Each machine learning processor d) generates a first data structure
for a distance matrix based upon the corresponding computation
task. The distance matrix comprises a plurality of items. Each
machine learning processor e) determines a distance between any two
column-vectors of the distance matrix, and f) generates a cluster
of items using a pair of columns associated with the two
column-vectors. Each machine learning processor g) defines a
distance between the cluster and unclustered items of the distance
matrix, and h) updates the distance matrix by appending the cluster
and defined distance to the distance matrix and dropping clustered
columns and rows of the distance matrix. Each machine learning
processor i) appends one or more additional clusters to the
distance matrix by repeating steps f)-h) for each additional
cluster. Each machine learning processor j) generates a second data
structure for a linkage matrix using the clustered distance matrix.
Each machine learning processor k) reorganizes rows and columns of
the linkage matrix to generate a quasi-diagonal matrix, and l)
recursively bisects the quasi-diagonal matrix by: assigning a
weight to each cluster in the quasi-diagonal matrix, bisecting the
quasi-diagonal matrix into two subsets, defining a variance for
each subset, and rescaling the weight of each cluster in a subset
based upon the defined variance.

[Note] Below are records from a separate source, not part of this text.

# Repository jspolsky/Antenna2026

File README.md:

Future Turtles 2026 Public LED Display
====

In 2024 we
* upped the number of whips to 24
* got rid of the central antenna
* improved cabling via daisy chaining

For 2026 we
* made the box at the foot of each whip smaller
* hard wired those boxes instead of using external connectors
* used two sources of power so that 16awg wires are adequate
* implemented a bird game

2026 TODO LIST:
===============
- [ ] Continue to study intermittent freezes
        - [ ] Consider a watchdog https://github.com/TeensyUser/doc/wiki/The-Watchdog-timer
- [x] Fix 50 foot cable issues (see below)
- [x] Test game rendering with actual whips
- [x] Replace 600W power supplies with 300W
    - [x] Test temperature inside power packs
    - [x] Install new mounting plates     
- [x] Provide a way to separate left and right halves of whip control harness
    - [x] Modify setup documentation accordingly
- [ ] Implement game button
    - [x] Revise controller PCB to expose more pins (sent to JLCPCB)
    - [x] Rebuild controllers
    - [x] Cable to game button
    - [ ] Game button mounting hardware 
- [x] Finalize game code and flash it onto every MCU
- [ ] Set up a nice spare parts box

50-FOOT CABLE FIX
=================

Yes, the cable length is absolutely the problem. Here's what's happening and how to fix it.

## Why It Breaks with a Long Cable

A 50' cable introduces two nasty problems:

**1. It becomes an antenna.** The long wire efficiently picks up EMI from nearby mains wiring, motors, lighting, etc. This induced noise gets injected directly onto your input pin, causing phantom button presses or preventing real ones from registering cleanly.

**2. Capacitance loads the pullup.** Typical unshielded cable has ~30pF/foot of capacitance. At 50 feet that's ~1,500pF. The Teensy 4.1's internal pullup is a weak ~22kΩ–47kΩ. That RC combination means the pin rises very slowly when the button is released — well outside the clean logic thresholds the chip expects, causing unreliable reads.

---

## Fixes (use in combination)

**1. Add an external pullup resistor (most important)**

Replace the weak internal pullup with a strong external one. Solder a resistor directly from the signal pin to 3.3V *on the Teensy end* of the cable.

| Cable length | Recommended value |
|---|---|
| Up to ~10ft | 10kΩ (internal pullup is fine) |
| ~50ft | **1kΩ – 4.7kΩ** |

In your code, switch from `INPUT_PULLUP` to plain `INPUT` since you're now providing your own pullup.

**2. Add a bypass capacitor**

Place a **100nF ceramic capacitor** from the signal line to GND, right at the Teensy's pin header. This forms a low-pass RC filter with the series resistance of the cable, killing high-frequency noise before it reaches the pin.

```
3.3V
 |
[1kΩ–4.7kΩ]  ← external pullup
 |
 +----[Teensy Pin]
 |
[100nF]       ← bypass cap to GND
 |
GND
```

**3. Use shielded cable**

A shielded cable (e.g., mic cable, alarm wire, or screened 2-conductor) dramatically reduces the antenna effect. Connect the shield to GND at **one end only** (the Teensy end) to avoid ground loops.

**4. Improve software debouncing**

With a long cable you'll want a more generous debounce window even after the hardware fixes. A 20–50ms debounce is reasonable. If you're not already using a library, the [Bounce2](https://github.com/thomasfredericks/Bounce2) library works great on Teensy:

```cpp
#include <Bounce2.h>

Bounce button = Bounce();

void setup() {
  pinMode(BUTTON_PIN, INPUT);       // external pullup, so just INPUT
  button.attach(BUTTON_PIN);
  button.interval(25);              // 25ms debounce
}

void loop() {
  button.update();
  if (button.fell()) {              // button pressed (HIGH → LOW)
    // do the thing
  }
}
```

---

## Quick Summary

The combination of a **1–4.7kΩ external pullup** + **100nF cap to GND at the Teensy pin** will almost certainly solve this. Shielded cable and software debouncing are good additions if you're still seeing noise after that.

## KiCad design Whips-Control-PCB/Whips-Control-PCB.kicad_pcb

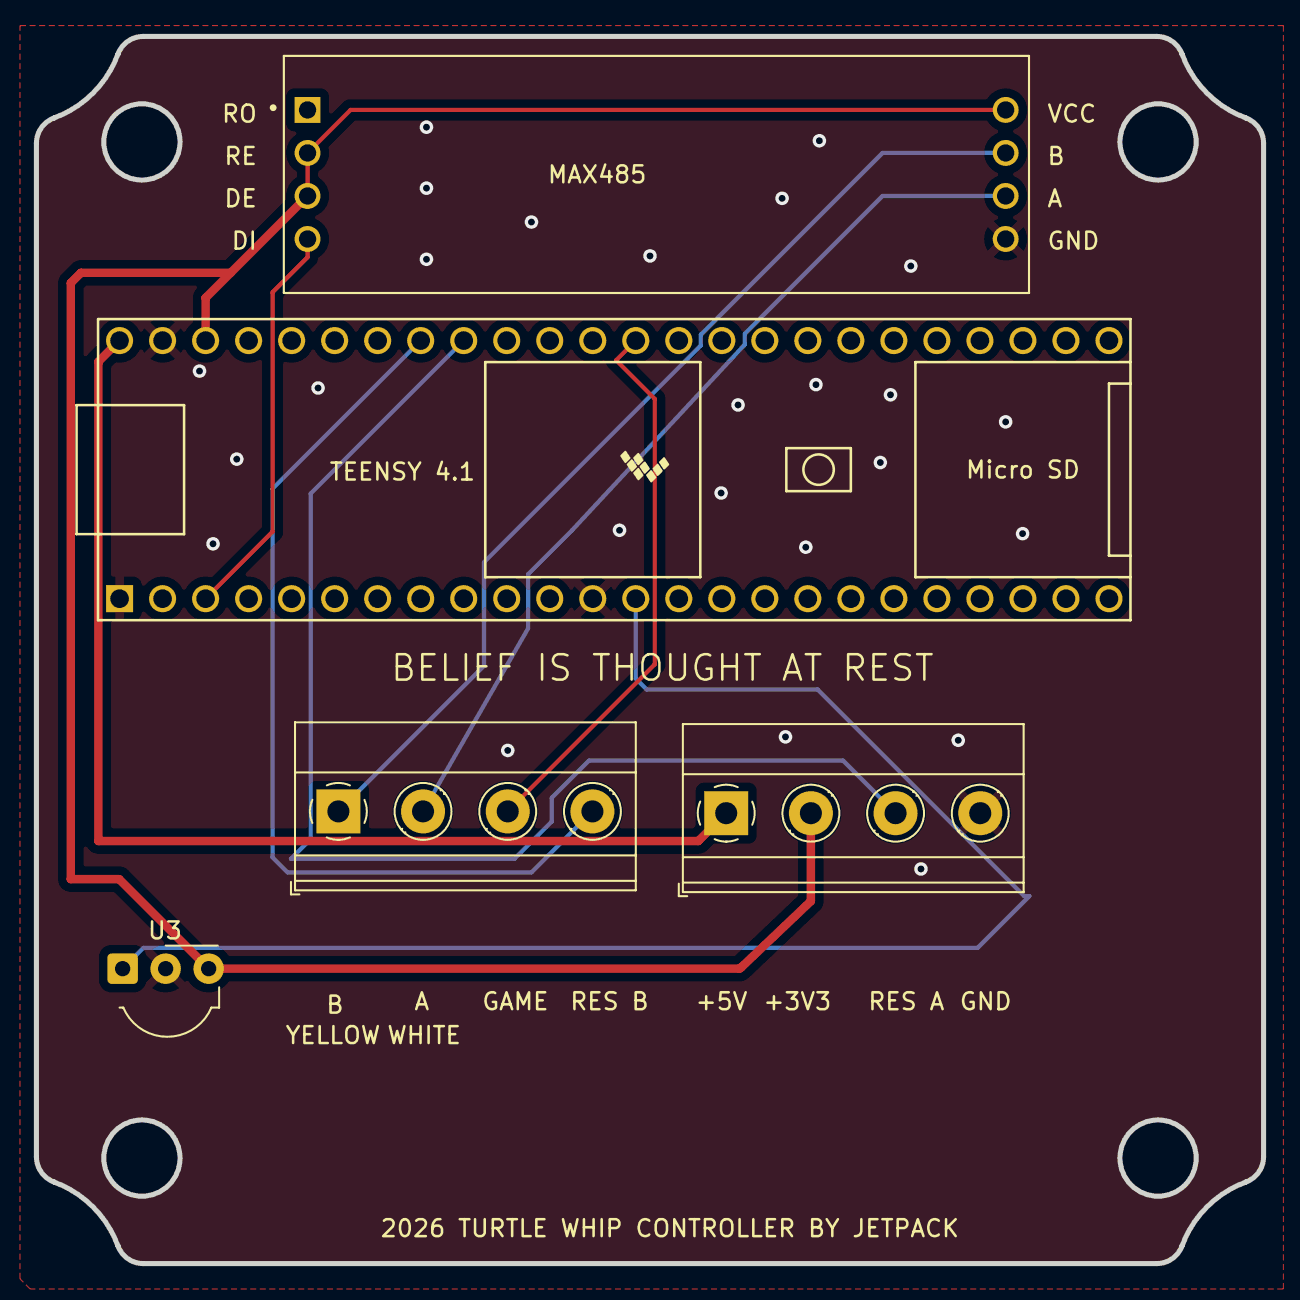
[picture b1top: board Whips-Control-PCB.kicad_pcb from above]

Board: 2 copper layers, 72.5 x 72.5 mm, 5 parts (0 on the bottom side), 10 nets.

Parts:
J1, J4: Conn_01x04_Pin; TerminalBlock_Phoenix_MKDS-1,5-4_1x04_P5.00mm_Horizontal
MAX485: MAX485E; Max485-Module
TEENSY 4.1: Teensy4.1_Minimal; Teensy41_Minimal
U3: TSOP341xx; Vishay_MOLD-3Pin

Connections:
+3.3V: J1.2, MAX485.2 (~RE), MAX485.3 (DE), MAX485.8 (VCC), TEENSY 4.1.46 (3V3), U3.3 (Vs)
+5V: J1.1, TEENSY 4.1.48 (VIN)
/A: J4.2, MAX485.6 (A)
/B: J4.1, MAX485.7 (B)
/DI: MAX485.4 (DI), TEENSY 4.1.3 (1_TX1_CTX2_MISO1)
/GAME: J4.3, TEENSY 4.1.36 (14_A0_TX3_SPDIF_OUT)
/IR: TEENSY 4.1.13 (11_MOSI_CTX1), U3.1 (OUT)
/RESERVEDA: J1.3, TEENSY 4.1.40 (18_A4_SDA)
/RESERVEDB: J4.4, TEENSY 4.1.41 (19_A5_SCL)
GND: J1.4, MAX485.5 (GND), TEENSY 4.1.1 (GND), TEENSY 4.1.12 (10_CS_MQSR), TEENSY 4.1.47 (GND), U3.2 (GND)

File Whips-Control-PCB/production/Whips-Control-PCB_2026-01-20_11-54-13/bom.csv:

Designator,Footprint,Quantity,Value,LCSC Part #
"J1, J4","TerminalBlock_Phoenix_MKDS-1,5-4_1x04_P5.00mm_Horizontal",2,Conn_01x04_Pin,
MAX485,Max485-Module,1,MAX485E,
TEENSY 4.1,Teensy41_Minimal,1,Teensy4.1_Minimal,
U3,Vishay_MOLD-3Pin,1,TSOP341xx,

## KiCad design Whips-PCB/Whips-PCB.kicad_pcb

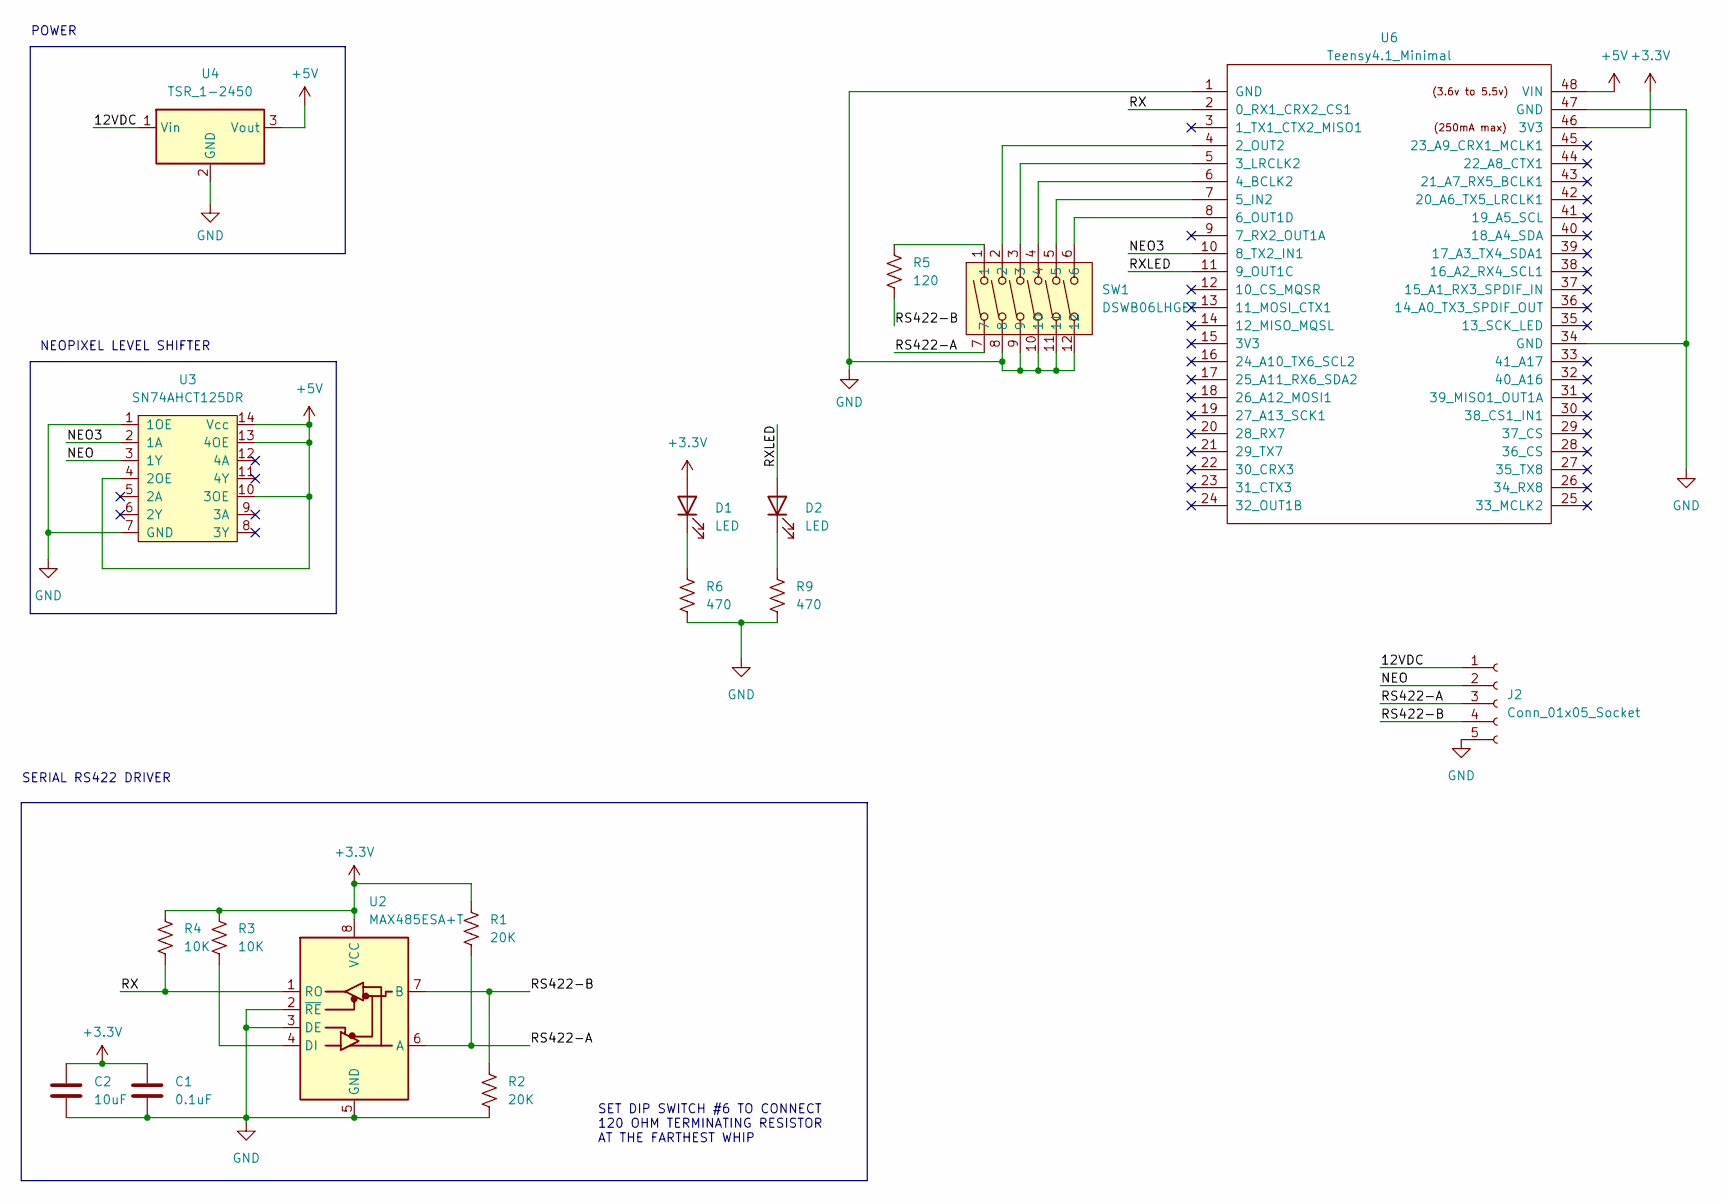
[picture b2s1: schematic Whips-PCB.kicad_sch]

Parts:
C1: 0.1uF; C_0402_1005Metric; LCSC C1525
C2: 10uF; C_0402_1005Metric; LCSC C15525
D1: LED; LED_0603_1608Metric; LCSC C2286
D2: LED; LED_0603_1608Metric; LCSC C2290
J2: Conn_01x05_Socket; Dorabo_DB103-5.0-5P-GN-S; LCSC C395854
R1, R2: 20K; R_0603_1608Metric; LCSC C4184
R3, R4: 10K; R_0603_1608Metric; LCSC C25804
R5: 120; R_0402_1005Metric; LCSC C25079
R6, R9: 470; R_0402_1005Metric; LCSC C25117
SW1: DSWB06LHGET; DongGuan_DSWB06LHGET_6_PIN_DIP; LCSC Part C99416
U2: MAX485ESA+T; SOIC-8_3.9x4.9mm_P1.27mm; LCSC C19738
U3: SN74AHCT125DR; SOIC-14_3.9x8.7mm_P1.27mm; LCSC C155176
U4: TSR_1-2450; Converter_DCDC_TRACO_TSR-1_THT; LCSC DNP
U6: Teensy4.1_Minimal; Teensy41_Minimal; LCSC DNP

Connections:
+3.3V: C1.1, C2.1, D1.2 (A), R1.1, R3.1, R4.1, U2.8 (VCC), U6.46 (3V3)
+5V: U3.4 (2OE), U3.10 (3OE), U3.13 (4OE), U3.14 (Vcc), U4.3 (Vout), U6.48 (VIN)
/12VDC: J2.1, U4.1 (Vin)
/NEO: J2.2, U3.3 (1Y)
/NEO3: U3.2 (1A), U6.10 (8_TX2_IN1)
/RS422-A: J2.3, R1.2, SW1.7, U2.6 (A)
/RS422-B: J2.4, R2.2, R5.2, U2.7 (B)
/RX: R4.2, U2.1 (RO), U6.2 (0_RX1_CRX2_CS1)
/RXLED: D2.2 (A), U6.11 (9_OUT1C)
GND: C1.2, C2.2, J2.5, R2.1, R6.2, R9.2, SW1.8, SW1.9, SW1.10, SW1.11, SW1.12, U2.2 (~RE), U2.3 (DE), U2.5 (GND), U3.1 (1OE), U3.7 (GND), U4.2 (GND), U6.1 (GND), U6.34 (GND), U6.47 (GND)
unnamed: D1.1 (K), R6.1
unnamed: D2.1 (K), R9.1
unnamed: R5.1, SW1.1
unnamed: R3.2, U2.4 (DI)
unnamed: SW1.2, U6.4 (2_OUT2)
unnamed: SW1.3, U6.5 (3_LRCLK2)
unnamed: SW1.4, U6.6 (4_BCLK2)
unnamed: SW1.5, U6.7 (5_IN2)
unnamed: SW1.6, U6.8 (6_OUT1D)

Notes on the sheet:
POWER
SERIAL RS422 DRIVER
NEOPIXEL LEVEL SHIFTER
SET DIP SWITCH #6 TO CONNECT 120 OHM TERMINATING RESISTOR AT THE FARTHEST WHIP

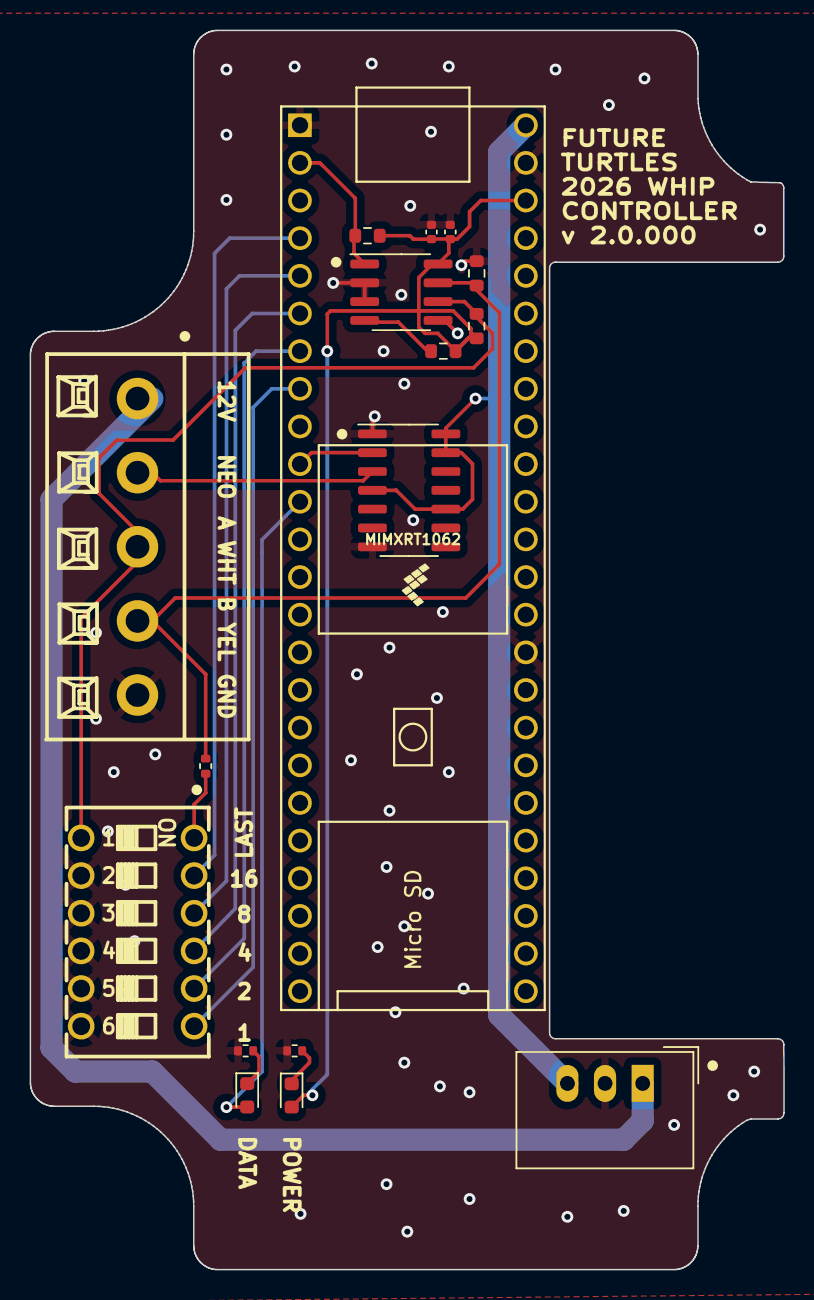
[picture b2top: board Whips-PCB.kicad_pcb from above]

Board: 2 copper layers, 50.8 x 83.6 mm, 17 parts (0 on the bottom side), 19 nets.

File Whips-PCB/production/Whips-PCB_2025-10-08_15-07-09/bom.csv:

Designator,Footprint,Quantity,Value,LCSC Part #
C1,0402,1,0.1uF,C1525
C2,0402,1,10uF,C15525
D1,0603,1,LED,C2286
D2,0603,1,LED,C2290
J2,Dorabo_DB103-5.0-5P-GN-S,1,Conn_01x05_Socket,C395854
"R1, R2",0603,2,20K,C4184
"R3, R4",0603,2,10K,C25804
R5,0402,1,120,C25079
"R6, R9",0402,2,470,C25117
SW1,DongGuan_DSWB06LHGET_6_PIN_DIP,1,DSWB06LHGET,C99416
U2,SOIC-8_3.9x4.9mm_P1.27mm,1,MAX485ESA+T,C19738
U3,SOIC-14_3.9x8.7mm_P1.27mm,1,SN74AHCT125DR,C155176
U4,Converter_DCDC_TRACO_TSR-1_THT,1,TSR_1-2450,DNP
U6,Teensy41_Minimal,1,Teensy4.1_Minimal,DNP

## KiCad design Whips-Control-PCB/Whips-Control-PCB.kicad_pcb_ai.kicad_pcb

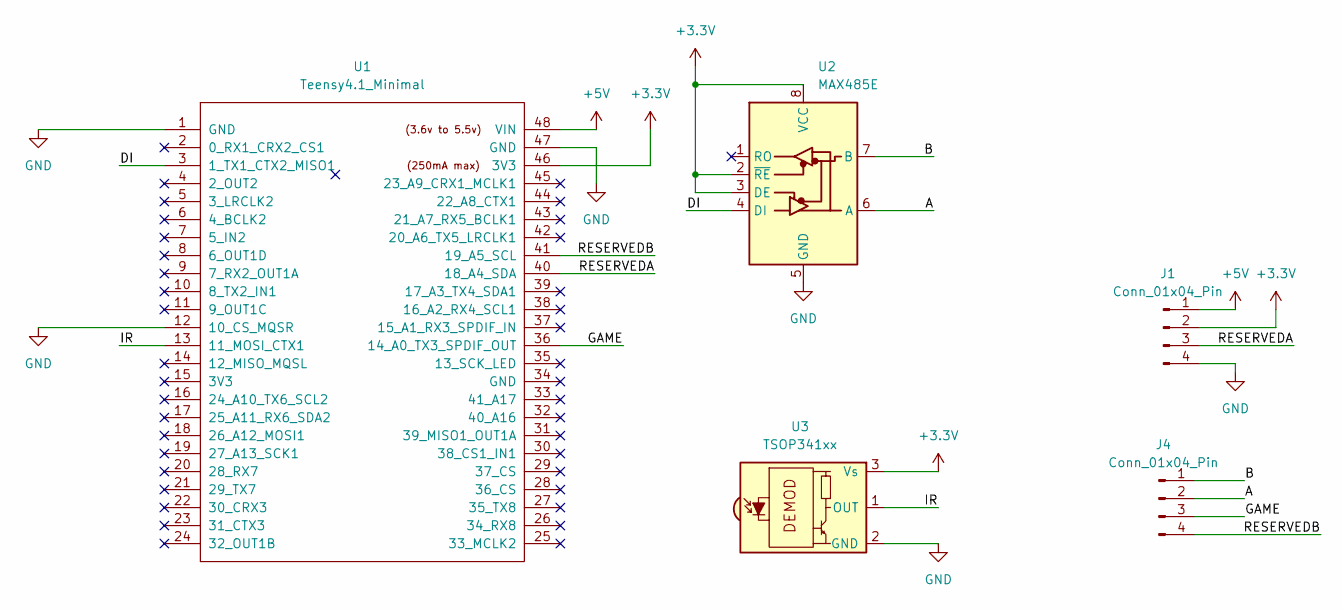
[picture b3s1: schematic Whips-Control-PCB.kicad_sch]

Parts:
J1, J4: Conn_01x04_Pin; TerminalBlock_Phoenix_MKDS-1,5-4_1x04_P5.00mm_Horizontal
U1: Teensy4.1_Minimal; Teensy41_Minimal
U2: MAX485E; Max485-Module
U3: TSOP341xx; Vishay_MOLD-3Pin

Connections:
+3.3V: J1.2, U1.46 (3V3), U2.2 (~RE), U2.3 (DE), U2.8 (VCC), U3.3 (Vs)
+5V: J1.1, U1.48 (VIN)
/A: J4.2, U2.6 (A)
/B: J4.1, U2.7 (B)
/DI: U1.3 (1_TX1_CTX2_MISO1), U2.4 (DI)
/GAME: J4.3, U1.36 (14_A0_TX3_SPDIF_OUT)
/IR: U1.13 (11_MOSI_CTX1), U3.1 (OUT)
/RESERVEDA: J1.3, U1.40 (18_A4_SDA)
/RESERVEDB: J4.4, U1.41 (19_A5_SCL)
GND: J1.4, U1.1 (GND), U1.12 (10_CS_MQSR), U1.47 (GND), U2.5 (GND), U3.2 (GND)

Each machine learning processor m)
generates a third data structure containing the clusters and
assigned weights. The cluster of server computing devices n)
consolidates each third data structure from each machine learning
processor into a solution vector and transmitting the solution
vector to a remote computing device.
[0018] Any of the above aspects can include one or more of the
following features. In some embodiments, generating a first data
structure for a distance matrix further comprises generating robust
covariance and correlation matrices based upon the computation
task; defining a distance measure using the correlation matrix; and
generating the first data structure based upon the correlation
matrix and the distance. In some embodiments, the distance between
any two column-vectors of the distance matrix comprises a proper
distance metric, such as the Euclidian distance. In some
embodiments, the distance between the cluster and unclustered items
of the distance matrix is determined using a mathematical
criterion, such as the nearest point algorithm.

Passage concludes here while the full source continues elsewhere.